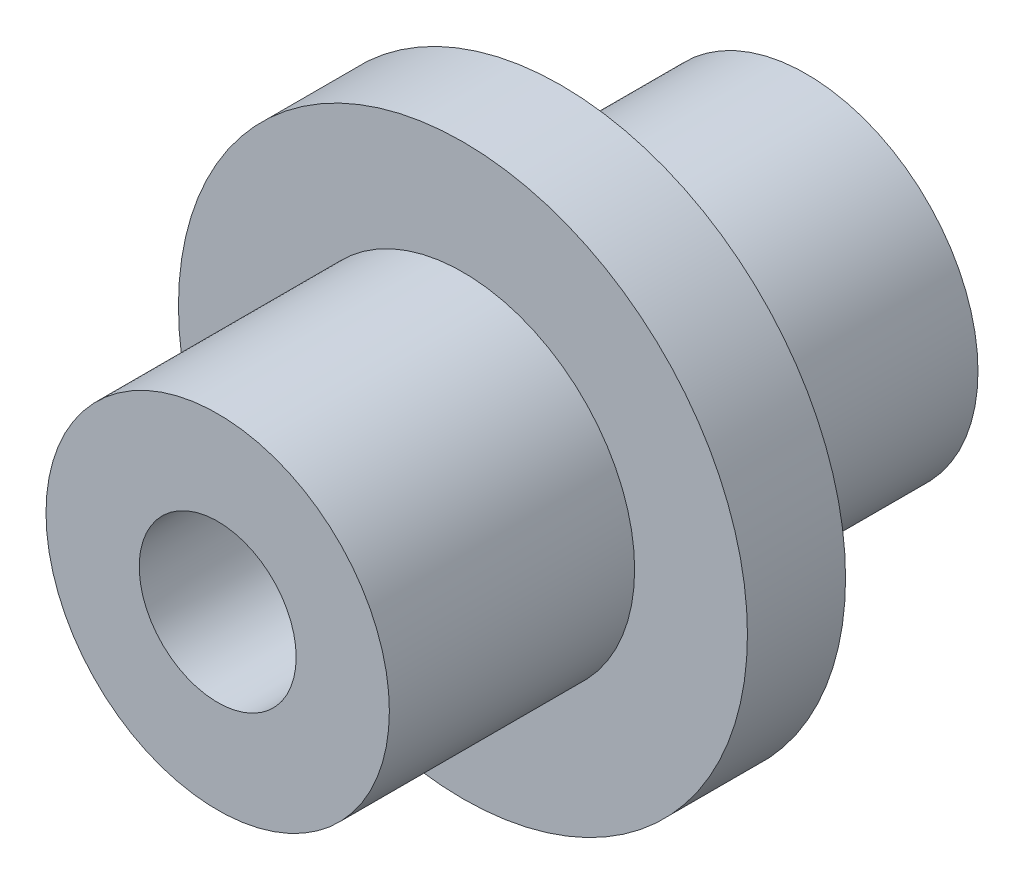
from build123d import *

# Parameters (mm, degrees)
SKETCH1_R                = 5.8
BOSS_EXTRUDE1_DEPTH      = 2
BOSS_EXTRUDE2_DEPTH      = 5
BOSS_EXTRUDE2_DEPTH_BACK = 7
SKETCH2_R                = 3.5
SKETCH8_R                = 1.6
SKETCH6_R                = 1.65


with BuildPart() as part:
    # Sketch1 → Boss-Extrude1 (new body)
    with BuildSketch(Plane.XY.offset(33)):
        Circle(SKETCH1_R)
    extrude(amount=-BOSS_EXTRUDE1_DEPTH)

    # Sketch2 → Boss-Extrude2 (add, two sides: drawn at the far end of the back side and taken through both)
    with BuildSketch(Plane.XY.offset(33).offset(-BOSS_EXTRUDE2_DEPTH_BACK)):
        Circle(SKETCH2_R)
    extrude(amount=BOSS_EXTRUDE2_DEPTH + BOSS_EXTRUDE2_DEPTH_BACK)

    # Sketch8 → Cut-Loft2 section 0
    with BuildSketch(Plane.XY.offset(38)):
        Circle(SKETCH8_R)
    # Sketch6 → Cut-Loft2 section 1
    with BuildSketch(Plane.XY.offset(26)):
        Circle(SKETCH6_R)
    loft(mode=Mode.SUBTRACT)


solid = part.part

──────────────────────────────

• [PROBLEM TO SOLVE] Read the material above and copy out each line holding "offset".

• [SOLUTION TO THE EXERCISE]
    with BuildSketch(Plane.XY.offset(33)):
    with BuildSketch(Plane.XY.offset(33).offset(-BOSS_EXTRUDE2_DEPTH_BACK)):
    with BuildSketch(Plane.XY.offset(38)):
    with BuildSketch(Plane.XY.offset(26)):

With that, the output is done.